Section 68: Disqualifications of a Candidate:


A candidate who is declared by final decision of a competent court guilty, or found by the
Commission of having:
a. given money or other material consideration to influence, induce or corrupt the voters
or public officials performing electoral functions
b. committed acts of terrorism to enhance candidacy
c. spent in his election campaign an amount in excess of that allowed by this Code
d. solicited, received or made any contribution prohibited under Section 89, 95,96, 97 and
104
e. violated any of Sections 80, 83, 85 86 and 261, paragraphs d ,e, k, v and cc, subparagraph 6
*permanent resident of or an immigrant to a foreign country shall not be qualified unless he
WAIVED his status.
Other disqualifications:
I. STATUS
A. Lack of Filipino Citizenship (indispensable requirement)
- Three recognized means in reacquiring Philippine Citizenship:
a. by direct act of Congress
b. naturalization
c. repatriation
- annulment of citizenship in another country doesnt automatically restore Philippine
citizenship.
CASE: BENGZON III VS HRET (G.R. 142840, MAY 7, 2001)
Article III, Section 4 (1973 Constitution)
Natural-Born citizen:
a. person must be a Filipino citizen from birth
b. doesnt have to perform any act to obtain or perfect his Philippine Citizenship.

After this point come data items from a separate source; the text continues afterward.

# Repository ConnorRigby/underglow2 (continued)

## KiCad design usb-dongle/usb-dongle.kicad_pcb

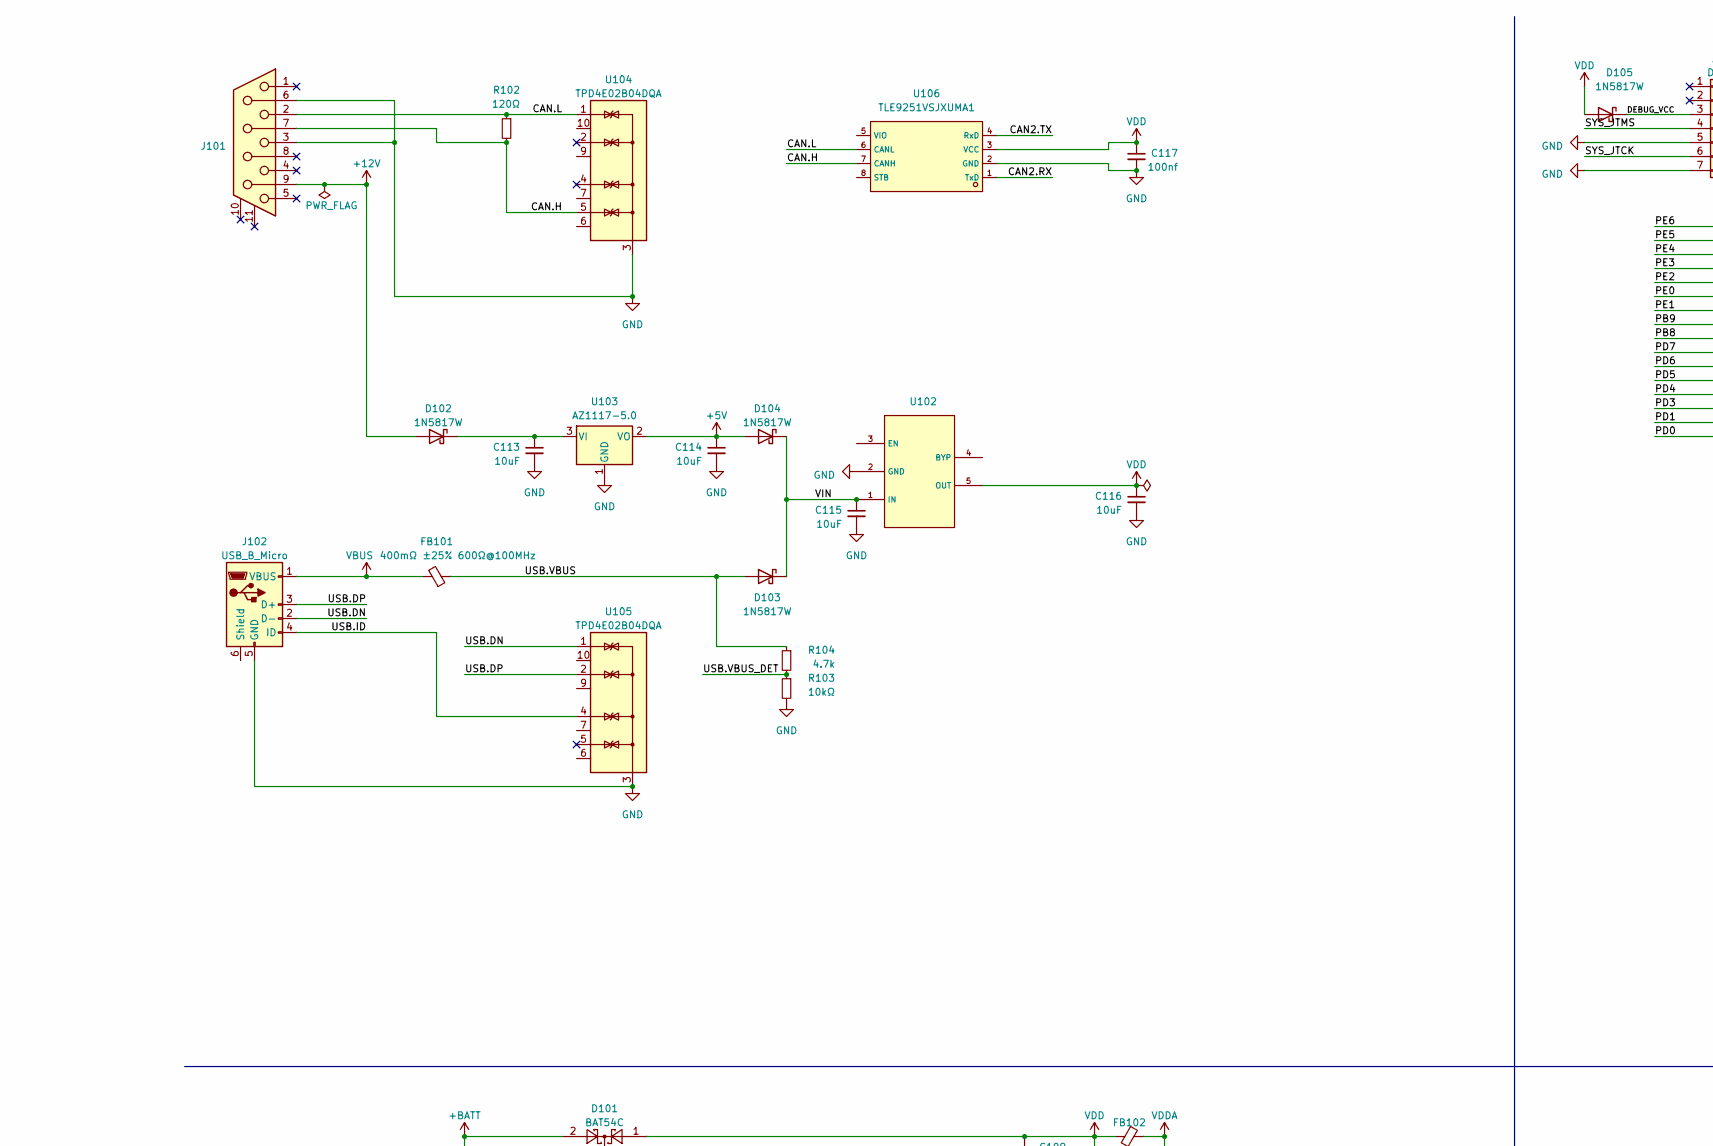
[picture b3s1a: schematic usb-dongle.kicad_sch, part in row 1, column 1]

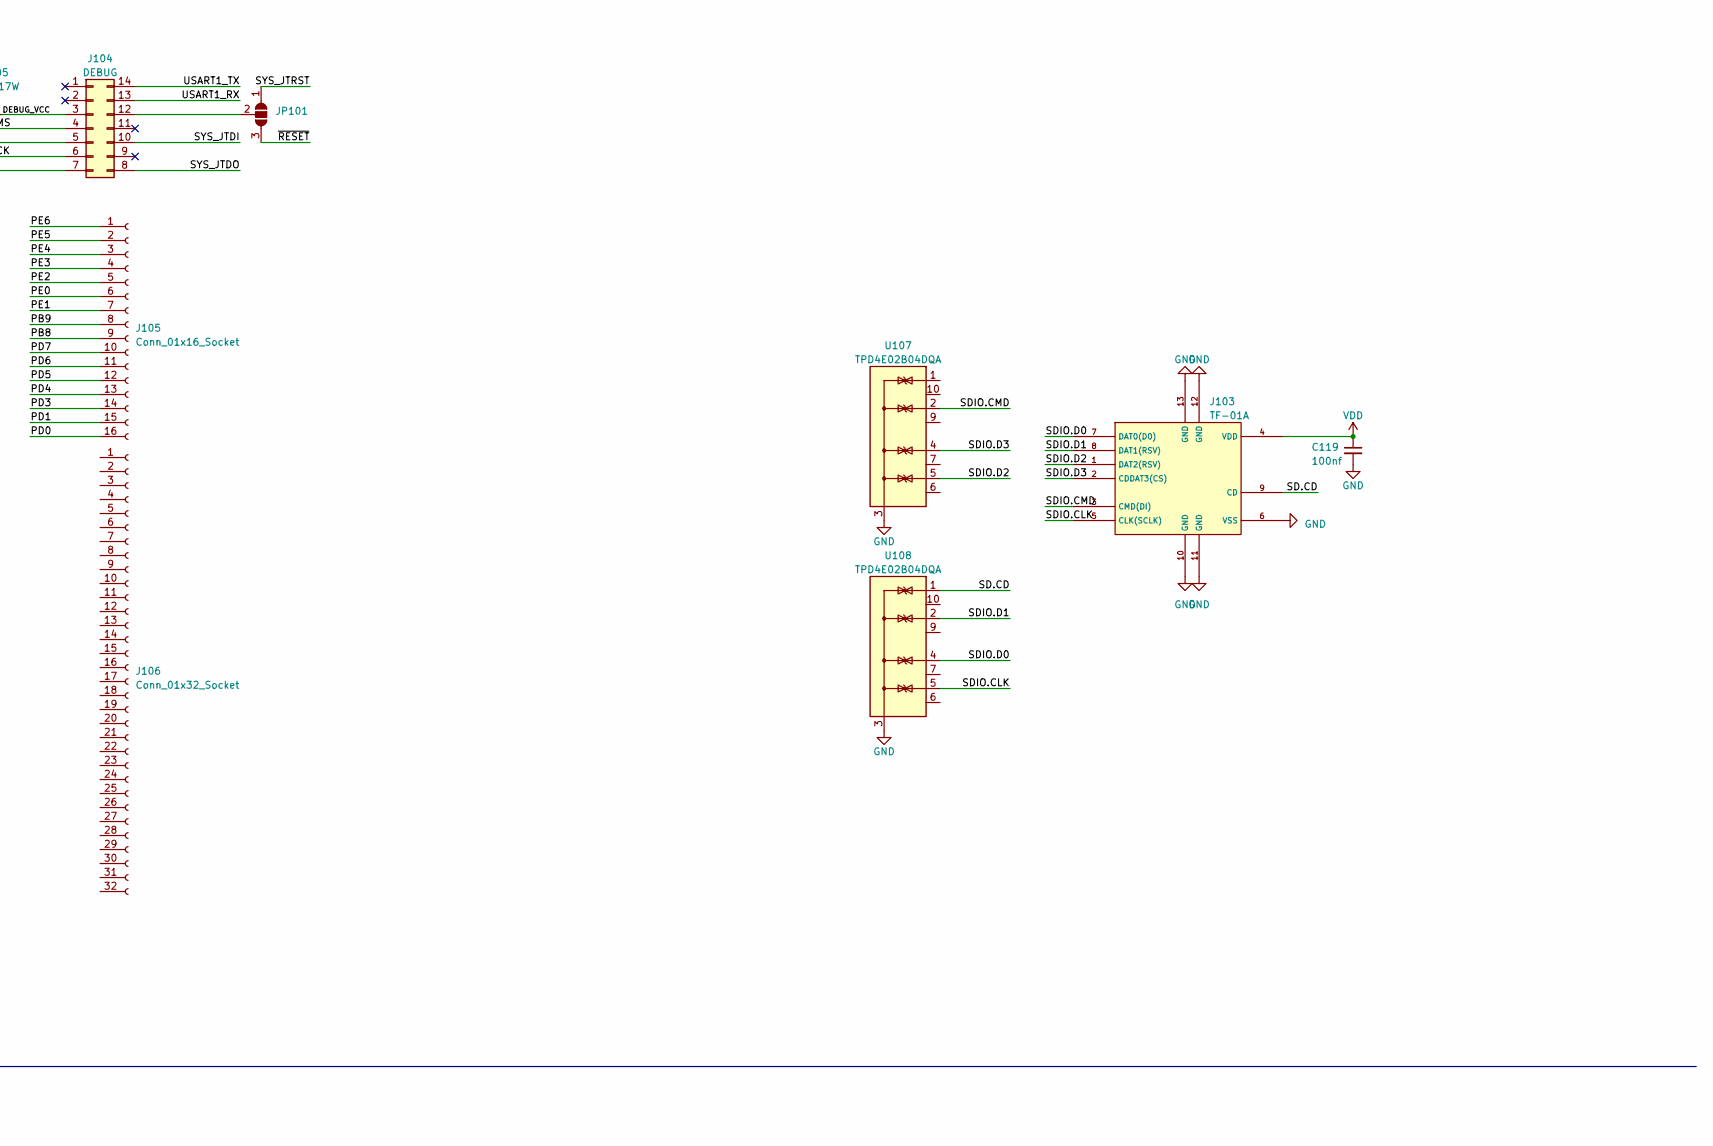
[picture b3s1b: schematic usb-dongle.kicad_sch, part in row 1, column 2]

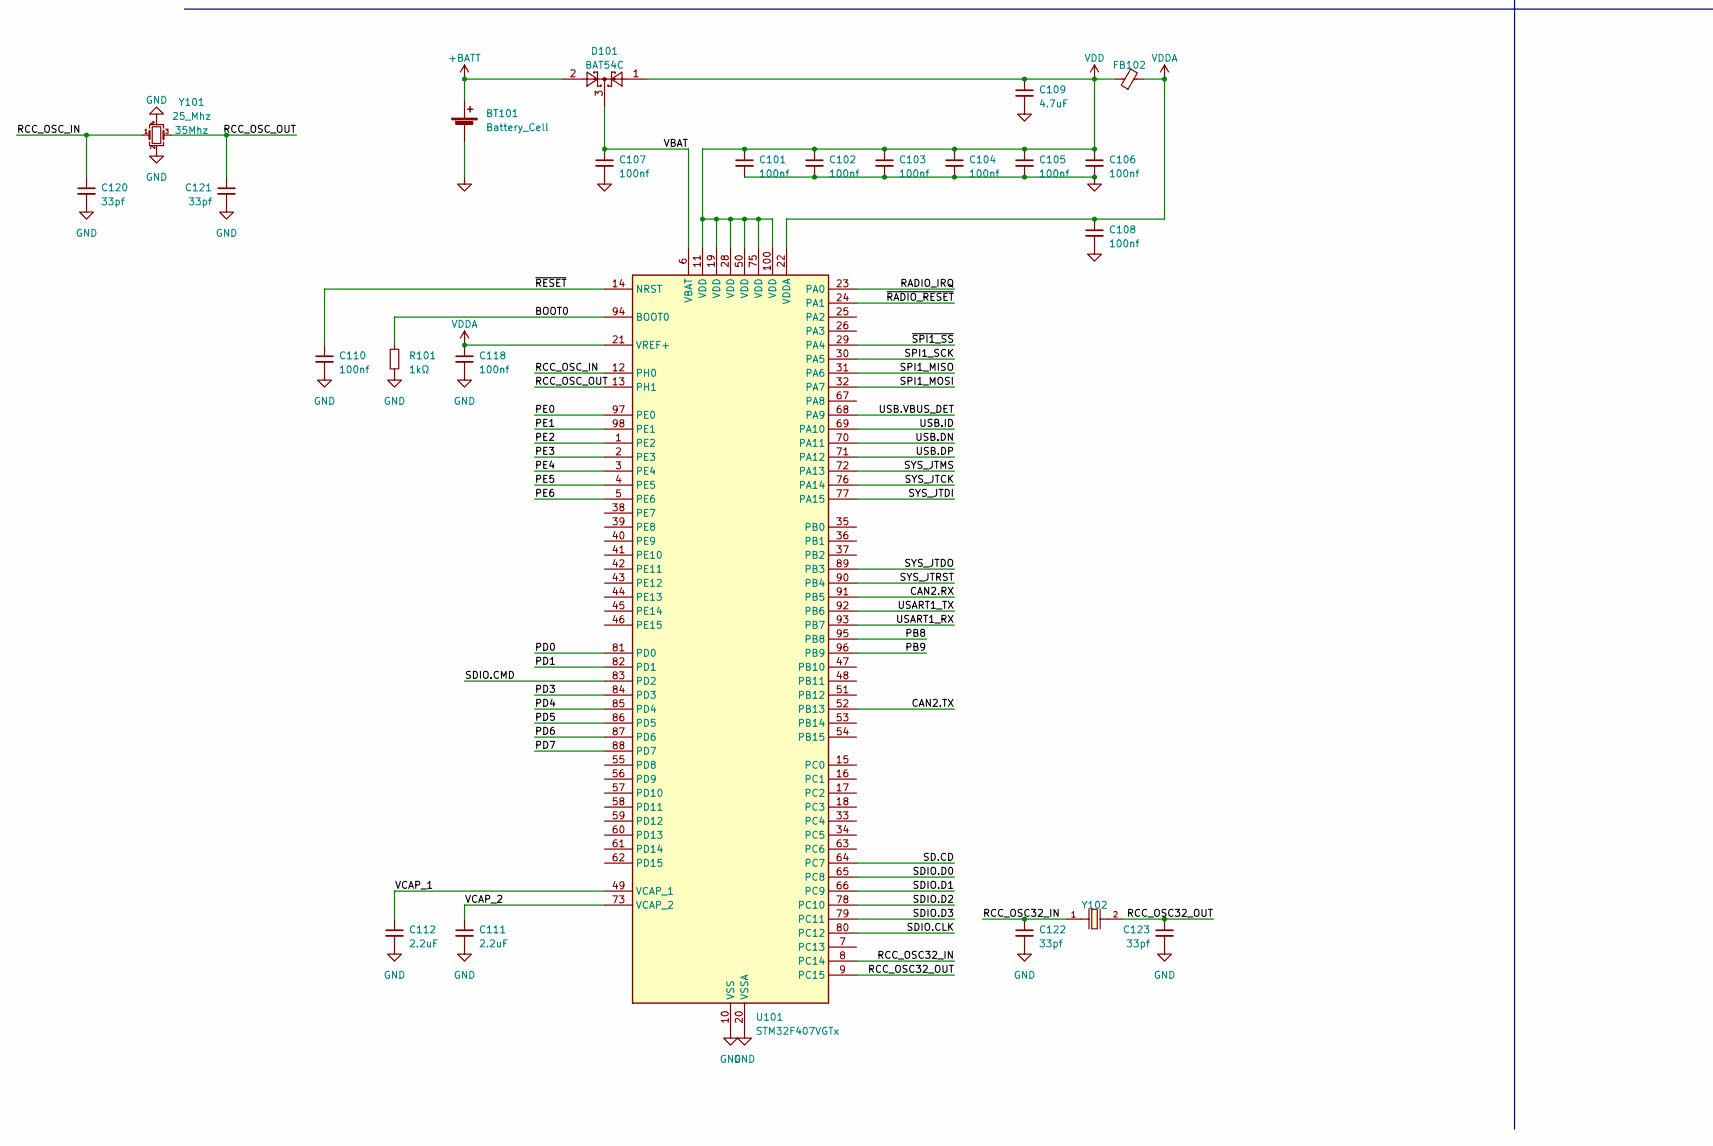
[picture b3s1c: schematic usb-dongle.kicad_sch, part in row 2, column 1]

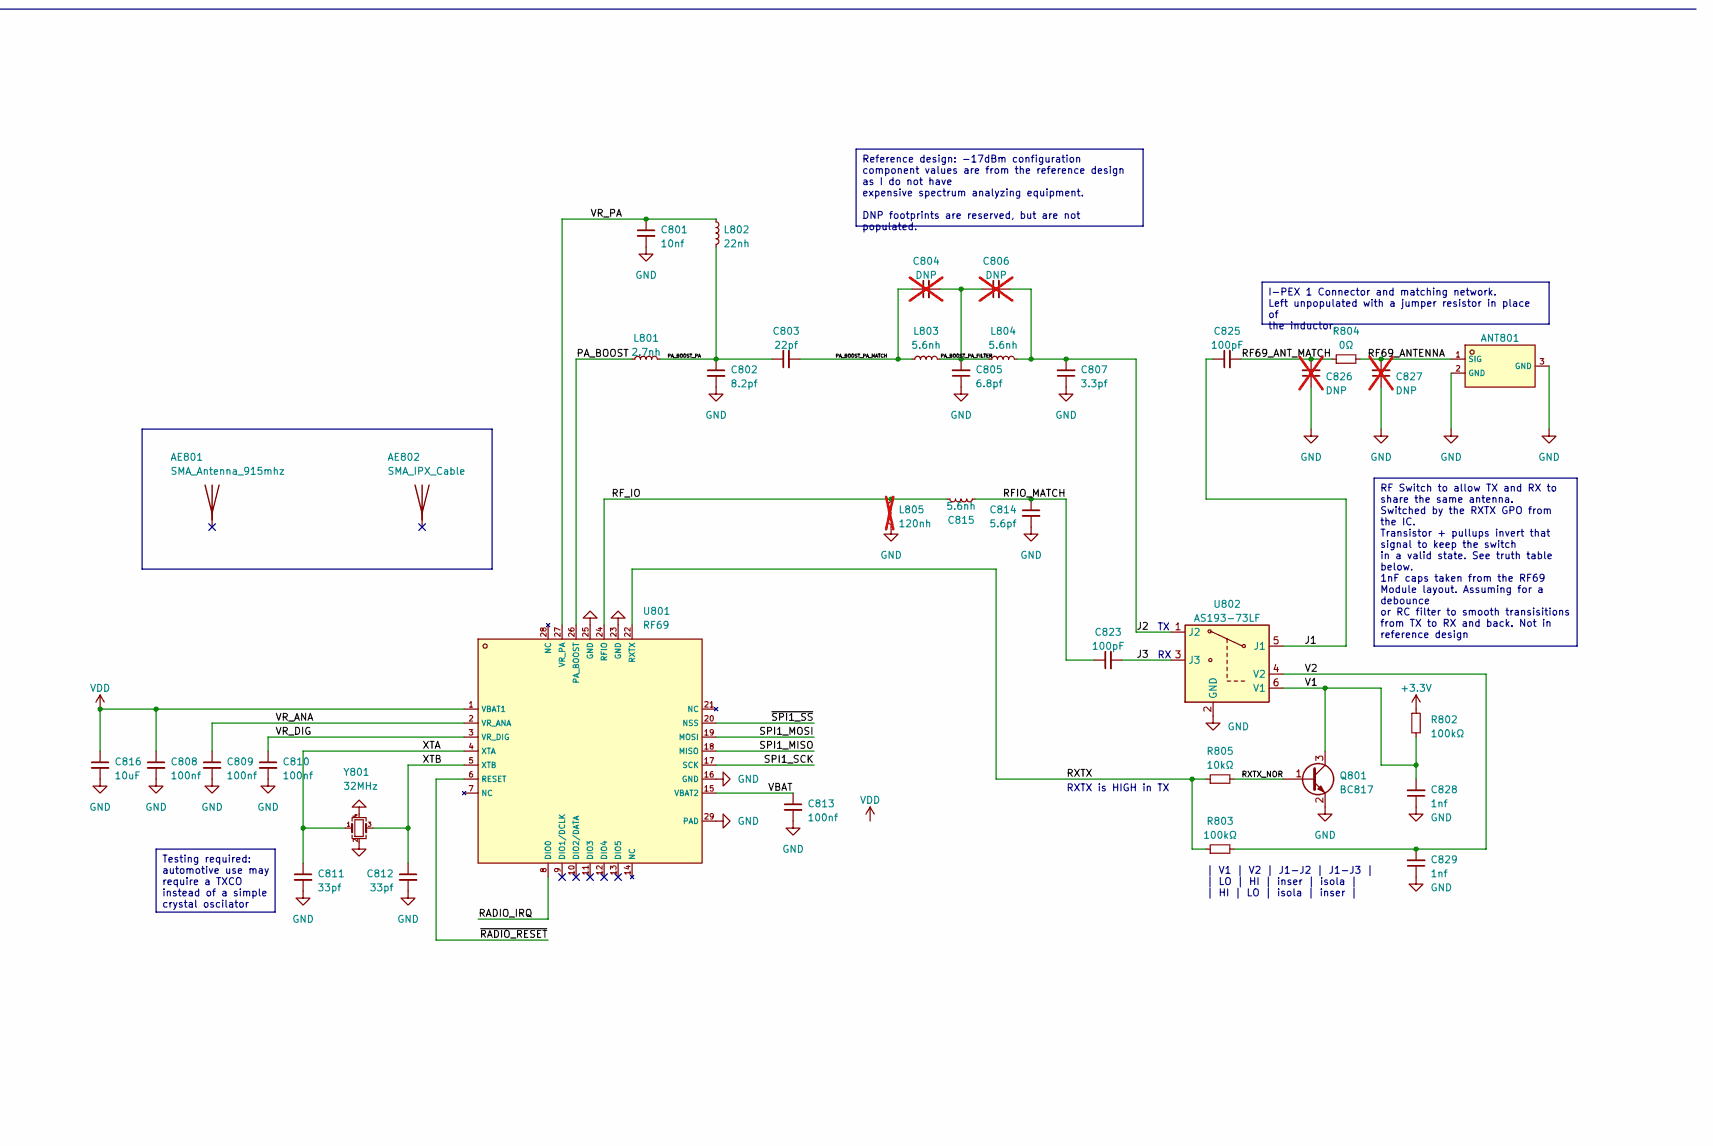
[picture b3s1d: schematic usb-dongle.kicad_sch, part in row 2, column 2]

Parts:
AE801: SMA_Antenna_915mhz; SMA_Antenna_Vertical; MPN TX915-JK-11; LCSC C468327
AE802: SMA_IPX_Cable; SMA_Connector; MPN BWIPX1-SMA-1.13L100; LCSC C784403
ANT801: BWIPX-1-001E; IPEX-SMD_BWIPX-1-001E; MPN BWIPX-1-001E; LCSC C496552
BT101: Battery_Cell; BAT-TH_CR2032-BS-6-1
C101, C102, C103, C104, C105, C106, C107, C108, C110, C117, C118, C119, C808, C809, C810, C813: C_0402_100nf_X7R; C_0402_1005Metric; Voltage 50V; MPN 0402B104K500NT; LCSC C110251
C109: C_0805_4u7_X5R; C_0805_2012Metric; Voltage 6.3; Tolerance 20%; MPN CC0805MKX5R5BB475; LCSC C577033
C111, C112: C_0402_2u2_X75R; C_0402_1005Metric; Voltage 25V; Tolerance 10%; MPN GRM155R61E225KE11D; LCSC C385032
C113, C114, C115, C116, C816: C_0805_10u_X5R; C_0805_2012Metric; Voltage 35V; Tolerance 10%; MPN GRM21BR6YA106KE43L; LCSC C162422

NOT considered natural-born citizen:
a. naturalized
b. born before January 17, 1973 of Filipino mothers who elected Philippine Citizenship
(present Constitution now considers this and who elected Philippine citizenship upon
reaching the majority age)
**Those who elect Philippine citizenship in accordance with paragraph (3), Section 1 hereof
shall be deemed NATURAL-BORN CITIZENS.
Two citizens under the present Constitution:
a. natural-born
b. naturalized in accordance with law
- not naturalized Filipino but didnt have to undergo the process of naturalization =
NATURAL-BORN FILIPINO
B. Lack of residency requirement
CASE: IMELDA ROMUALDEZ MARCOS VS. COMELEC (G.R. NO. 119976, SEPTEMBER 18, 1995)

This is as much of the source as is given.